*EXERCISE REQUIREMENTS*. Below are records; reproduce exactly the lines from the one that has "#3=PRODUCT_CONTEXT('',#1,'mechanical');" through the one that has "#28=CIRCLE('',#27,38.1);", ends included, and nothing more.
§ §
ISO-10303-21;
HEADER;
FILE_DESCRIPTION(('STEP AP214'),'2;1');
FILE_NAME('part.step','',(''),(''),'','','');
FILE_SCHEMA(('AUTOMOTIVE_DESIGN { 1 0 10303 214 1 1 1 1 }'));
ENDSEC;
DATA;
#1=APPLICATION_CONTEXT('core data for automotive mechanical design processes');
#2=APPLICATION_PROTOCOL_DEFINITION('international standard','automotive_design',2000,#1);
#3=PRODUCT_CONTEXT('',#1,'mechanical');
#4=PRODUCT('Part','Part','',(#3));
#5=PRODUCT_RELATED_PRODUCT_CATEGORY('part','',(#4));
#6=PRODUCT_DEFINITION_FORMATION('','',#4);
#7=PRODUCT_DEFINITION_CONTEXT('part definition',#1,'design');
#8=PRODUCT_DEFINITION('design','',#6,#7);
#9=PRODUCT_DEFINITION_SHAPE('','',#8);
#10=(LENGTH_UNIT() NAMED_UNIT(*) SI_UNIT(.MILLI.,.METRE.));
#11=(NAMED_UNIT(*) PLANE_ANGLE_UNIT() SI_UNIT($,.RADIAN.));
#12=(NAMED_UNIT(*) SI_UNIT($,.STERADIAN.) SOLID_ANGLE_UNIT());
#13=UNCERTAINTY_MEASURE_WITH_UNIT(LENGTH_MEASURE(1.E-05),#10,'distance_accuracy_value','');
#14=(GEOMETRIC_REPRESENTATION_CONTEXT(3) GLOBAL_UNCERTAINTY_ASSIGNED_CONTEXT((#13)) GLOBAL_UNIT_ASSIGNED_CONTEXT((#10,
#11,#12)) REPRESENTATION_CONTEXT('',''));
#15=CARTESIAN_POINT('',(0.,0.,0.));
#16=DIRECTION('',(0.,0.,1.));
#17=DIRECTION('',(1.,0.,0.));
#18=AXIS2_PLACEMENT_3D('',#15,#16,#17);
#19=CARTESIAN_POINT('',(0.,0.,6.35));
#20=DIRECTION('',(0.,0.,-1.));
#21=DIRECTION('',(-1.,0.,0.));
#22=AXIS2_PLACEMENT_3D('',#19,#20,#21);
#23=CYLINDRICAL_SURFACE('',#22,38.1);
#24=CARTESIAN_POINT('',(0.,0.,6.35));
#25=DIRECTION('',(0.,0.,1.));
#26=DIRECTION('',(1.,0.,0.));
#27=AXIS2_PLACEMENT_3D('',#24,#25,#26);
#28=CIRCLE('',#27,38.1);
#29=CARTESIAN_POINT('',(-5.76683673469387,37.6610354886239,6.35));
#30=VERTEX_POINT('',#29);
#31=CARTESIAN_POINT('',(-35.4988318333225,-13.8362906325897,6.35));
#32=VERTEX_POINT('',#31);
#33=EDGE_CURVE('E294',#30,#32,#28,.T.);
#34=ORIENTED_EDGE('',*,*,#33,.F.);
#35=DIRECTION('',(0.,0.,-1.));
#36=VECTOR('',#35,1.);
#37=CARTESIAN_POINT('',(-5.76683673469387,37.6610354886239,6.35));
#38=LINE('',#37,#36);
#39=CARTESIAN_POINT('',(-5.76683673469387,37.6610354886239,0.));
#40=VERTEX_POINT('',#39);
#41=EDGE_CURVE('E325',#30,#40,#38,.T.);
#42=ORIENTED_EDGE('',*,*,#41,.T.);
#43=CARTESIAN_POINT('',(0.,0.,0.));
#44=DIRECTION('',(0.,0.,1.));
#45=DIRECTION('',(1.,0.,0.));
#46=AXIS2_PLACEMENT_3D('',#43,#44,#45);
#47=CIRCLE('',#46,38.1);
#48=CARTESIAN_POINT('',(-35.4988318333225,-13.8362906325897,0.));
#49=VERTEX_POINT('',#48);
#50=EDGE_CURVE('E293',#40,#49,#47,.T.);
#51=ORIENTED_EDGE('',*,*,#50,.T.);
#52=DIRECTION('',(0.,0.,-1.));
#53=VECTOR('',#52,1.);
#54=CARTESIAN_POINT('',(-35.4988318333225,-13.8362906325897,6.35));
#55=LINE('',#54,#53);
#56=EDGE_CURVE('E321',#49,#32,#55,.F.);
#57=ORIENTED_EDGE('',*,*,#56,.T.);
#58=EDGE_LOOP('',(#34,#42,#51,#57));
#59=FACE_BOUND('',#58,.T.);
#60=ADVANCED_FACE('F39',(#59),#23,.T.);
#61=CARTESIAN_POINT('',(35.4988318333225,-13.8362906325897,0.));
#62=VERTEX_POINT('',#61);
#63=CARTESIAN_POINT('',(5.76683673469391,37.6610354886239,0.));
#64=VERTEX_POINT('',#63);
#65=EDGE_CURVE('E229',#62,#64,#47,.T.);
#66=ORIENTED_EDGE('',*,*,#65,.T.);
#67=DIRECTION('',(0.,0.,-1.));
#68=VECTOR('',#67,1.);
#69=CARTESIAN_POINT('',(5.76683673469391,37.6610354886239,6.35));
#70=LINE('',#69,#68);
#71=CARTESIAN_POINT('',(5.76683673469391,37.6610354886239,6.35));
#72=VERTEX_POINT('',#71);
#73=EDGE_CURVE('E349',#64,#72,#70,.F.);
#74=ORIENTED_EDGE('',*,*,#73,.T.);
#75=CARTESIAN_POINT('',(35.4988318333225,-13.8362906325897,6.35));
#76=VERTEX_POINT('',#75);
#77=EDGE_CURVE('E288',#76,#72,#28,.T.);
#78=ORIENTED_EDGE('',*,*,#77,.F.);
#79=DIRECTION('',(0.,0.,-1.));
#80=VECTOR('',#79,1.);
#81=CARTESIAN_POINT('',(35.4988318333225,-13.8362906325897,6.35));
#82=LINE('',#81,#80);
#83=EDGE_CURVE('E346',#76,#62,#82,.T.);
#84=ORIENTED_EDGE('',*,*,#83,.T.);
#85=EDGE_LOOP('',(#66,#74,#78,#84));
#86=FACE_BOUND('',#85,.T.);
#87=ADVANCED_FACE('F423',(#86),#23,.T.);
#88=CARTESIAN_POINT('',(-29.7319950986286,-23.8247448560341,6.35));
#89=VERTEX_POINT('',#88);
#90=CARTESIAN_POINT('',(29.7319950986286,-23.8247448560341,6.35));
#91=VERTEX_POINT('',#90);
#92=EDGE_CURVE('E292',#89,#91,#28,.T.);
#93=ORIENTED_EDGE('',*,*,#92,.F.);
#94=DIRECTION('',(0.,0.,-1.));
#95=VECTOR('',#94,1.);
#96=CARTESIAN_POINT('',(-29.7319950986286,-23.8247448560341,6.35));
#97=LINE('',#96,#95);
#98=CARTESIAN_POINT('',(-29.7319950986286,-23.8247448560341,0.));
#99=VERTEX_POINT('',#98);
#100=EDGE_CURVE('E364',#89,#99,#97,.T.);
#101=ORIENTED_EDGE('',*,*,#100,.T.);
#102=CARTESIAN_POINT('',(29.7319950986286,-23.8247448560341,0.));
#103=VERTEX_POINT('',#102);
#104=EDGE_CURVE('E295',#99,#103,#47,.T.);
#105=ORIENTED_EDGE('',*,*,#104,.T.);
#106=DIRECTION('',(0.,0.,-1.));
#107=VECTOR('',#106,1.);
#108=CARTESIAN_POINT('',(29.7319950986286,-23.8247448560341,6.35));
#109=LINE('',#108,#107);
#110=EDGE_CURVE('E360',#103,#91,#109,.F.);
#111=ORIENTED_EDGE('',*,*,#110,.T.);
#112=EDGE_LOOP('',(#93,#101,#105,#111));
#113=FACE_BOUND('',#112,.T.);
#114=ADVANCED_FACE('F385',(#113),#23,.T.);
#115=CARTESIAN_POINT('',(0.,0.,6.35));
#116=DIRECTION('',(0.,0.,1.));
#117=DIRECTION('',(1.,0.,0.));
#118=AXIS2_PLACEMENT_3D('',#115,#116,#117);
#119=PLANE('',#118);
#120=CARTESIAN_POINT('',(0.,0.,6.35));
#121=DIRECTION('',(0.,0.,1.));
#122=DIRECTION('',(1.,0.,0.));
§ §
*SOLUTION TO THIS PROBLEM*.
#3=PRODUCT_CONTEXT('',#1,'mechanical');
#4=PRODUCT('Part','Part','',(#3));
#5=PRODUCT_RELATED_PRODUCT_CATEGORY('part','',(#4));
#6=PRODUCT_DEFINITION_FORMATION('','',#4);
#7=PRODUCT_DEFINITION_CONTEXT('part definition',#1,'design');
#8=PRODUCT_DEFINITION('design','',#6,#7);
#9=PRODUCT_DEFINITION_SHAPE('','',#8);
#10=(LENGTH_UNIT() NAMED_UNIT(*) SI_UNIT(.MILLI.,.METRE.));
#11=(NAMED_UNIT(*) PLANE_ANGLE_UNIT() SI_UNIT($,.RADIAN.));
#12=(NAMED_UNIT(*) SI_UNIT($,.STERADIAN.) SOLID_ANGLE_UNIT());
#13=UNCERTAINTY_MEASURE_WITH_UNIT(LENGTH_MEASURE(1.E-05),#10,'distance_accuracy_value','');
#14=(GEOMETRIC_REPRESENTATION_CONTEXT(3) GLOBAL_UNCERTAINTY_ASSIGNED_CONTEXT((#13)) GLOBAL_UNIT_ASSIGNED_CONTEXT((#10,
#11,#12)) REPRESENTATION_CONTEXT('',''));
#15=CARTESIAN_POINT('',(0.,0.,0.));
#16=DIRECTION('',(0.,0.,1.));
#17=DIRECTION('',(1.,0.,0.));
#18=AXIS2_PLACEMENT_3D('',#15,#16,#17);
#19=CARTESIAN_POINT('',(0.,0.,6.35));
#20=DIRECTION('',(0.,0.,-1.));
#21=DIRECTION('',(-1.,0.,0.));
#22=AXIS2_PLACEMENT_3D('',#19,#20,#21);
#23=CYLINDRICAL_SURFACE('',#22,38.1);
#24=CARTESIAN_POINT('',(0.,0.,6.35));
#25=DIRECTION('',(0.,0.,1.));
#26=DIRECTION('',(1.,0.,0.));
#27=AXIS2_PLACEMENT_3D('',#24,#25,#26);
#28=CIRCLE('',#27,38.1);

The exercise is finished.